For some reason, I thought that the season 3 "White Christmas" episode was viewable somewhere for me, and that I might as well get caught up on this series on Netflix first. But I guess that S3 premiere is a DirectTV only thing in the US? And after watching the first episode I'm undecided as to whether or not to go on.

This was an effectively disturbing episode. But I felt like it was doing that thing I hate from shows/movies, where they do something creepy and voyeuristic and then point to the viewer and say 'see, you too, viewer, are complicit in the degradation for you too watched the thing!' I see now it's only 3 episodes per series, so, I may go on. But, without spoilers, can anyone tell me if this theme/trope is consistent throughout?
posted by oh yeah! at 6:35 AM on December 24, 2014


I would say this episode is 'most different' from the others, and not a great indication of what else you'll be seeing. Most I think would rank this episode toward the bottom of the 6/7 so far.
posted by sylvanshine at 6:44 AM on December 24, 2014


Good tag choice.

I love this show. It's a commentary on our use of technology, and our voyeuristic culture. It's definitely got an element of finger pointing at the viewer, it's supposed to make you uncomfortable and question some things. Not all the episodes are quite like this though.

The Entire History of You, for example - I found myself watching and thinking simultaneously "this bit of technology would be both awesomely useful and extremely problematic" and sure enough. Be Right Back - very similar, and more about the seductive power, or irresistibility of the particular technology.

But I loved all the episodes, even the ones that made me personally uncomfortable, not just "whoa that's disturbing".
posted by natteringnabob at 6:52 AM on December 24, 2014 [2 favorites]


Well, my office is closed until Monday, so I'll most likely watch the remaining 5 eps over the holiday. (Though, maybe someone who's already seen them all should ask the mods about getting all of S1 & S2 up together under the binge-watch feature? Rather than me posting the randomly throughout the holiday.)
posted by oh yeah! at 7:25 AM on December 24, 2014


But I felt like it was doing that thing I hate from shows/movies, where they do something creepy and voyeuristic and then point to the viewer and say 'see, you too, viewer, are complicit in the degradation for you too watched the thing!' I see now it's only 3 episodes per series, so, I may go on. But, without spoilers, can anyone tell me if this theme/trope is consistent throughout?
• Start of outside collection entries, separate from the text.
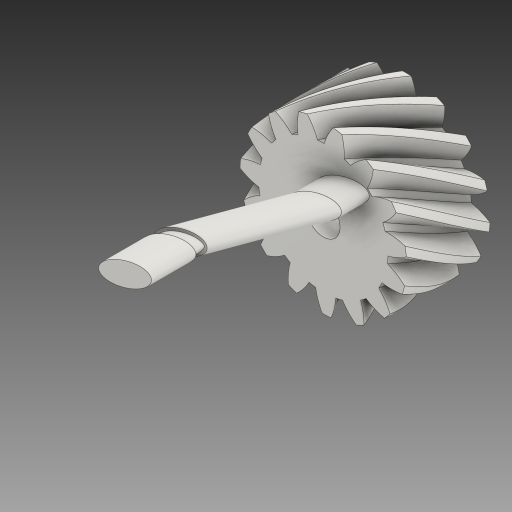
# Autodesk Inventor part: Finger_Profil_V2
Saved by Autodesk Inventor 2024 (Build 280153000, 153)
## iProperties
CustomPartVersion: 1
Created: 2024-03-13
Part Number: Finger_Profil_V2
Material: Steel
Document SubType Name: Modeling
Designer: Faber
Categories: <?xml version="1.0" encoding="UTF-16"?> <MemberInstance><Categories><FamilyTemplate><FamilyTemplateParameter ValueType="xs:double" Id="1" ObjectReferenceKey="da_z" ObjectType="kUserParameterObject"/><FamilyTemplateParameter ValueType="xs:double" Id="2" ObjectReferenceKey="da_b" ObjectType="kUserParameterObject"/><FamilyTemplateParameter ValueType="xs:double" Id="3" ObjectReferenceKey="da_beta" ObjectType="kUserParameterObject"/><FamilyTemplateParameter ValueType="xs:double" Id="4" ObjectReferenceKey="da_da" ObjectType="kUserParameterObject"/><FamilyTemplateParameter ValueType="xs:double" Id="5" ObjectReferenceKey="da_aw" ObjectType="kUserParameterObject"/><FamilyTemplateParameter ValueType="xs:string" Id="6" ObjectReferenceKey="EAIAABAAAACIAQAAAAAAAIAAAAAAAAAA" ObjectType="83910656" SubObjectId="SurfaceGeometry"/></FamilyTemplate><ParamToTemplateMap><ParamToTemplate CategoryParameter="//CategoryParameter[@InternalName='046C89C9-8512-4d59-83FE-43B91F4F132A']" TemplateParameter="1"/><ParamToTemplate CategoryParameter="//CategoryParameter[@InternalName='2552DF32-E462-4b46-AEBF-C6C7768E72AC']" TemplateParameter="2"/><ParamToTemplate CategoryParameter="//CategoryParameter[@InternalName='C9EE641D-15FC-4fae-A226-E94C4372FDD7']" TemplateParameter="3"/><ParamToTemplate><ParamToTemplate CategoryParameter="//CategoryParameter[@InternalName='00B6519A-459B-49c7-AD84-2E56D39A5744']" ConstantValue="0.340699"/></ParamToTemplate><ParamToTemplate><ParamToTemplate CategoryParameter="//CategoryParameter[@InternalName='04B31F0E-C7A6-4894-AA32-9629BEFACF47']" ConstantValue="1.000000"/></ParamToTemplate><ParamToTemplate><ParamToTemplate CategoryParameter="//CategoryParameter[@InternalName='43CBEC2E-7847-49e7-A936-2F7889FCB2D9']" ConstantValue="0.250000"/></ParamToTemplate><ParamToTemplate><ParamToTemplate CategoryParameter="//CategoryParameter[@InternalName='B1EFC894-105D-4ebd-86BF-FA20ED196853']" ConstantValue="0.333500"/></ParamToTemplate><ParamToTemplate><ParamToTemplate CategoryParameter="//CategoryParameter[@InternalName='51175063-3D10-4879-93E8-6246FE8B403D']" ConstantValue="2060000000.000000"/></ParamToTemplate><ParamToTemplate><ParamToTemplate CategoryParameter="//CategoryParameter[@InternalName='A3A52E27-4454-46a9-B0BD-C932399B70AF']" ConstantValue="0.300000"/></ParamToTemplate><ParamToTemplate><ParamToTemplate CategoryParameter="//CategoryParameter[@InternalName='91B76062-C214-41d9-B1B9-14D2AB99603D']" ConstantValue="0.150000"/></ParamToTemplate><ParamToTemplate><ParamToTemplate CategoryParameter="//CategoryParameter[@InternalName='374E806E-8B8A-4dda-A9AA-1039D6500AD2']" ConstantValue="6.666667"/></ParamToTemplate><ParamToTemplate><ParamToTemplate CategoryParameter="//CategoryParameter[@InternalName='2D373A89-B862-43d6-8D0B-0CBF12AB9F6C']" ConstantValue="0.349066"/></ParamToTemplate><ParamToTemplate CategoryParameter="//CategoryParameter[@InternalName='37777632-D6A2-4fac-9D53-DB8ACD95C989']" TemplateParameter="4"/><ParamToTemplate CategoryParameter="//CategoryParameter[@InternalName='FD1017F1-B727-4f7e-9707-0F86F1FF9423']" TemplateParameter="5"/><ParamToTemplate><ParamToTemplate CategoryParameter="//CategoryParameter[@InternalName='9E1B4470-B2D3-4ff1-B813-535BB4CDF51A']" ConstantValue="3520000.000000"/></ParamToTemplate><ParamToTemplate><ParamToTemplate CategoryParameter="//CategoryParameter[@InternalName='F8452263-BFF6-458c-9FB1-07C4B99E95CD']" ConstantValue="11400000.000000"/></ParamToTemplate><ParamToTemplate><ParamToTemplate CategoryParameter="//CategoryParameter[@InternalName='3E3BB259-FD49-497f-8171-6EBC954A3479']" ConstantValue="2.000000"/></ParamToTemplate><ParamToTemplate CategoryParameter="//CategoryParameter[@InternalName='27C3BAF2-7550-4e4b-AE2C-0DB134B7D9B7']" TemplateParameter="6"/></ParamToTemplateMap><Category DisplayName="Gear" InternalName="DC85795E-93AB-48d5-8EEE-5A27447B64BD" Mnemonic="Gear"><CategoryParameter DisplayName="z" InternalName="046C89C9-8512-4d59-83FE-43B91F4F132A" Mnemonic="z"/><CategoryParameter DisplayName="b" InternalName="2552DF32-E462-4b46-AEBF-C6C7768E72AC" Mnemonic="b"/><CategoryParameter DisplayName="||b|" InternalName="C9EE641D-15FC-4fae-A226-E94C4372FDD7" Mnemonic="beta"/><CategoryParameter DisplayName="x" InternalName="00B6519A-459B-49c7-AD84-2E56D39A5744" Mnemonic="x"/><CategoryParameter DisplayName="a*" InternalName="04B31F0E-C7A6-4894-AA32-9629BEFACF47" Mnemonic="a"/><CategoryParameter DisplayName="c*" InternalName="43CBEC2E-7847-49e7-A936-2F7889FCB2D9" Mnemonic="c"/><CategoryParameter DisplayName="r|.f|*" InternalName="B1EFC894-105D-4ebd-86BF-FA20ED196853" Mnemonic="rf"/><CategoryParameter DisplayName="E" InternalName="51175063-3D10-4879-93E8-6246FE8B403D" Mnemonic="E"/><CategoryParameter DisplayName="||m|" InternalName="A3A52E27-4454-46a9-B0BD-C932399B70AF" Mnemonic="mi"/><Category DisplayName="SpurGear" InternalName="26C5A22E-A91E-4dfd-A3B3-23CCAFAE1764" Mnemonic="SpurGear"><CategoryParameter DisplayName="m" InternalName="91B76062-C214-41d9-B1B9-14D2AB99603D" Mnemonic="m"/><CategoryParameter DisplayName="P" InternalName="374E806E-8B8A-4dda-A9AA-1039D6500AD2" Mnemonic="PP"/><CategoryParameter DisplayName="||a|" InternalName="2D373A89-B862-43d6-8D0B-0CBF12AB9F6C" Mnemonic="alpha"/><CategoryParameter DisplayName="d|.a|" InternalName="37777632-D6A2-4fac-9D53-DB8ACD95C989" Mnemonic="da"/><CategoryParameter DisplayName="a|.w|" InternalName="FD1017F1-B727-4f7e-9707-0F86F1FF9423" Mnemonic="aw"/><CategoryParameter DisplayName="||s||.Flim|" InternalName="9E1B4470-B2D3-4ff1-B813-535BB4CDF51A" Mnemonic="sFlim"/><CategoryParameter DisplayName="||s||.Hlim|" InternalName="F8452263-BFF6-458c-9FB1-07C4B99E95CD" Mnemonic="sHlim"/><CategoryParameter DisplayName="type" InternalName="3E3BB259-FD49-497f-8171-6EBC954A3479" Mnemonic="type"/><CategoryParameter DisplayName="PitchDiameter" InternalName="27C3BAF2-7550-4e4b-AE2C-0DB134B7D9B7" Mnemonic="IDS_PITCHDIAM"/></Category></Category></Categories></MemberInstance>
Density: 1 g/cm^3
Appearance: Steel
Author: Faber
## iProperties of the stored document Spur Gear21_3DPrint.ipt
Created: 2024-03-13
Part Number: Spur Gear21_3DPrint
Material: Generic
Document SubType Name: Modeling
Designer: Faber
Density: 1 g/cm^3
Appearance: Default
Author: Faber
Autodesk Inventor part; units mm, degrees
note: some values were not read from the file. Chosen so that the rebuilt part matches the saved one: offset side.
sketch "Sketch1" plane through (0, 0, 0) normal (0, 0, 1) x (1, 0, 0)
  circle A0 centre (0, 0) radius 14.9737
  dimension "d0" = 29.9474
  constraints: 1 centre point
  measures "d0" diameter of A0
extrude "Extrusion1" add sketch "Sketch1" along normal blind 15
ref_plane "Work Plane2" through (0, 0, 7.5) normal (0, 0, 1) x (1, 0, 0)
sketch "Sketch2" plane through (0, 0, 0) normal (0, 0, -1) x (-1, 0, 0)
  circle A0 centre (0, 0) radius 14.9737 projected
  circle A1 centre (0, 0) radius 12.9904
  dimension "d3" = 25.9808
  constraints: 1 centre point, 1 coincident
  measures "d3" diameter of A1
surface extrude "Pitch Diameter" sketch "Sketch2" against normal through all shown no curves A1
ref_plane "Work Plane8" through (0, 0, 0) normal (0.9781476, 0.2079117, 0) x (0, 0, 1)
ref_plane "Work Plane9" through (0, 0, 0) normal (1, 0, 0) x (0, 1, 0)
spur gear teeth "Spur Gear" teeth 15 pitch diameter 25.9808 tip diameter 29.9474 root diameter 23.2529 face width 15 helix angle 30 hand right start plane through (0, 0, 0) normal (0, 0, -1) x (-1, 0, 0)
sketch "Sketch3" plane through (0, 0, 15) normal (0, 0, 1) x (1, 0, 0)
  arc A0 (-4.5796, 10.6865) -> (-5.6716, 10.1492) centre (0, 0) ccw projected
  arc A1 (-4.4271, 14.3043) -> (-4.5796, 10.6865) centre (5.6173, 12.0689) ccw projected
  arc A2 (-1.0532, 11.5786) -> (-2.9077, 14.6887) centre (-10.6807, 7.9457) ccw projected
  arc A3 (0.1629, 11.6253) -> (-1.0532, 11.5786) centre (0, 0) ccw projected
  arc A4 (1.7737, 14.8683) -> (0.1629, 11.6253) centre (10.0405, 8.7407) ccw projected
  arc A5 (3.7473, 11.006) -> (3.3181, 14.6015) centre (-6.5255, 11.603) ccw projected
  arc A6 (4.8772, 10.554) -> (3.7473, 11.006) centre (0, 0) ccw projected
  arc A7 (7.6678, 12.8615) -> (4.8772, 10.554) centre (12.7276, 3.9012) ccw projected
  arc A8 (7.8999, 8.5303) -> (8.9702, 11.9895) centre (-1.242, 13.254) ccw projected
  arc A9 (8.7483, 7.6578) -> (7.8999, 8.5303) centre (0, 0) ccw projected
  arc A10 (12.2361, 8.6307) -> (8.7483, 7.6578) centre (13.214, -1.6129) ccw projected
  arc A11 (10.6865, 4.5796) -> (13.0712, 7.3044) centre (4.2563, 12.6133) ccw projected
  arc A12 (11.1066, 3.4375) -> (10.6865, 4.5796) centre (0, 0) ccw projected
  arc A13 (14.6887, 2.9077) -> (11.1066, 3.4375) centre (11.4156, -6.8481) ccw projected
  arc A14 (11.6253, -0.1629) -> (14.9122, 1.3564) centre (9.0186, 9.7917) ccw projected
  arc A15 (11.5446, -1.3772) -> (11.6253, -0.1629) centre (0, 0) ccw projected
  arc A16 (14.6015, -3.3181) -> (11.5446, -1.3772) centre (7.6433, -10.8992) ccw projected
  arc A17 (10.554, -4.8772) -> (14.1746, -4.8262) centre (12.2215, 5.2769) ccw projected
  arc A18 (9.9863, -5.9537) -> (10.554, -4.8772) centre (0, 0) ccw projected
  arc A19 (11.9895, -8.9702) -> (9.9863, -5.9537) centre (2.5494, -13.0657) ccw projected
  arc A20 (7.6578, -8.7483) -> (10.9862, -10.1743) centre (13.3112, -0.1502) ccw projected
  arc A21 (6.7014, -9.5008) -> (7.6578, -8.7483) centre (0, 0) ccw projected
  arc A22 (7.3044, -13.0712) -> (6.7014, -9.5008) centre (-2.9853, -12.973) ccw projected
  arc A23 (3.4375, -11.1066) -> (5.8981, -13.7632) centre (12.0993, -5.5514) ccw projected
  arc A24 (2.2577, -11.4051) -> (3.4375, -11.1066) centre (0, 0) ccw projected
  arc A25 (1.3564, -14.9122) -> (2.2577, -11.4051) centre (-8.0038, -10.6372) ccw projected
  arc A26 (-1.3772, -11.5446) -> (-0.2098, -14.9723) centre (8.7953, -9.9927) ccw projected
  arc A27 (-2.5764, -11.3374) -> (-1.3772, -11.5446) centre (0, 0) ccw projected
  arc A28 (-4.8262, -14.1746) -> (-2.5764, -11.3374) centre (-11.6384, -6.4622) ccw projected
  arc A29 (-5.9537, -9.9863) -> (-6.2814, -13.5925) centre (3.9705, -12.7062) ccw projected
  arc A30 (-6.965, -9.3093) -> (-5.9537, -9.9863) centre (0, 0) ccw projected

I don't think it ever quite breaks the fourth wall and wags a finger at the viewer, but it's definitely doing some work in the tropes next door. If you don't even like it when an in-story audience is portrayed as complicit/duped in that story, you might have a problem. It's kinda what the show is about and kinda the meaning of the title imho.
posted by fleacircus at 7:42 AM on December 24, 2014 [3 favorites]


I had two bones to pick with this episode.

The first is: the facile and insulting artist-as-shaman trope that allows the villain to pass off responsibility for a kidnapping and an incredibly cruel rape to the society on which he is regretfully compelled to hold the mirror. You don't get to set the trap and then blame its existence on whomever it catches. If you reject the idea that the artist is a force of nature and beyond good and evil, then you're left with not a critique of gawking citizens but a critique of a criminal psychopath, which, no shit.

The second is: the wet-blanket wife straight out of every other spendy drama, grimacing and shunning the poor antihero as he does the dirty work to protect all he holds dear. This unsympathetic stock character is sexist and unnecessary, especially when you consider her as a secondary victim of her husband's assault.

There were things I liked about it, but overall I had hoped this show would be a little smarter.
posted by milk white peacock at 7:45 AM on December 24, 2014 [16 favorites]


If you don't even like it when an in-story audience is portrayed as complicit/duped in that story, you might have a problem.

It's not the in-story audience that bothered me. It's just... I remember when the movie Compliance came out, and there was some interview with the writer/director where he made some comparison of moral equivalence between the act of watching the movie and the people who participated in the actual events. Joss Whedon does it sometimes too, it's one of the reasons I never bothered watching Dollhouse.

I don't know. It's not that I'm against a show ever holding the mirror up to the audience (oh, wait, "Black Mirror", duh), it's just that when there's a 'surprise, gotcha!' aspect to it, it gets more of a 'Well, fuck you too!' reaction from me than an introspective one.
posted by oh yeah! at 8:12 AM on December 24, 2014 [1 favorite]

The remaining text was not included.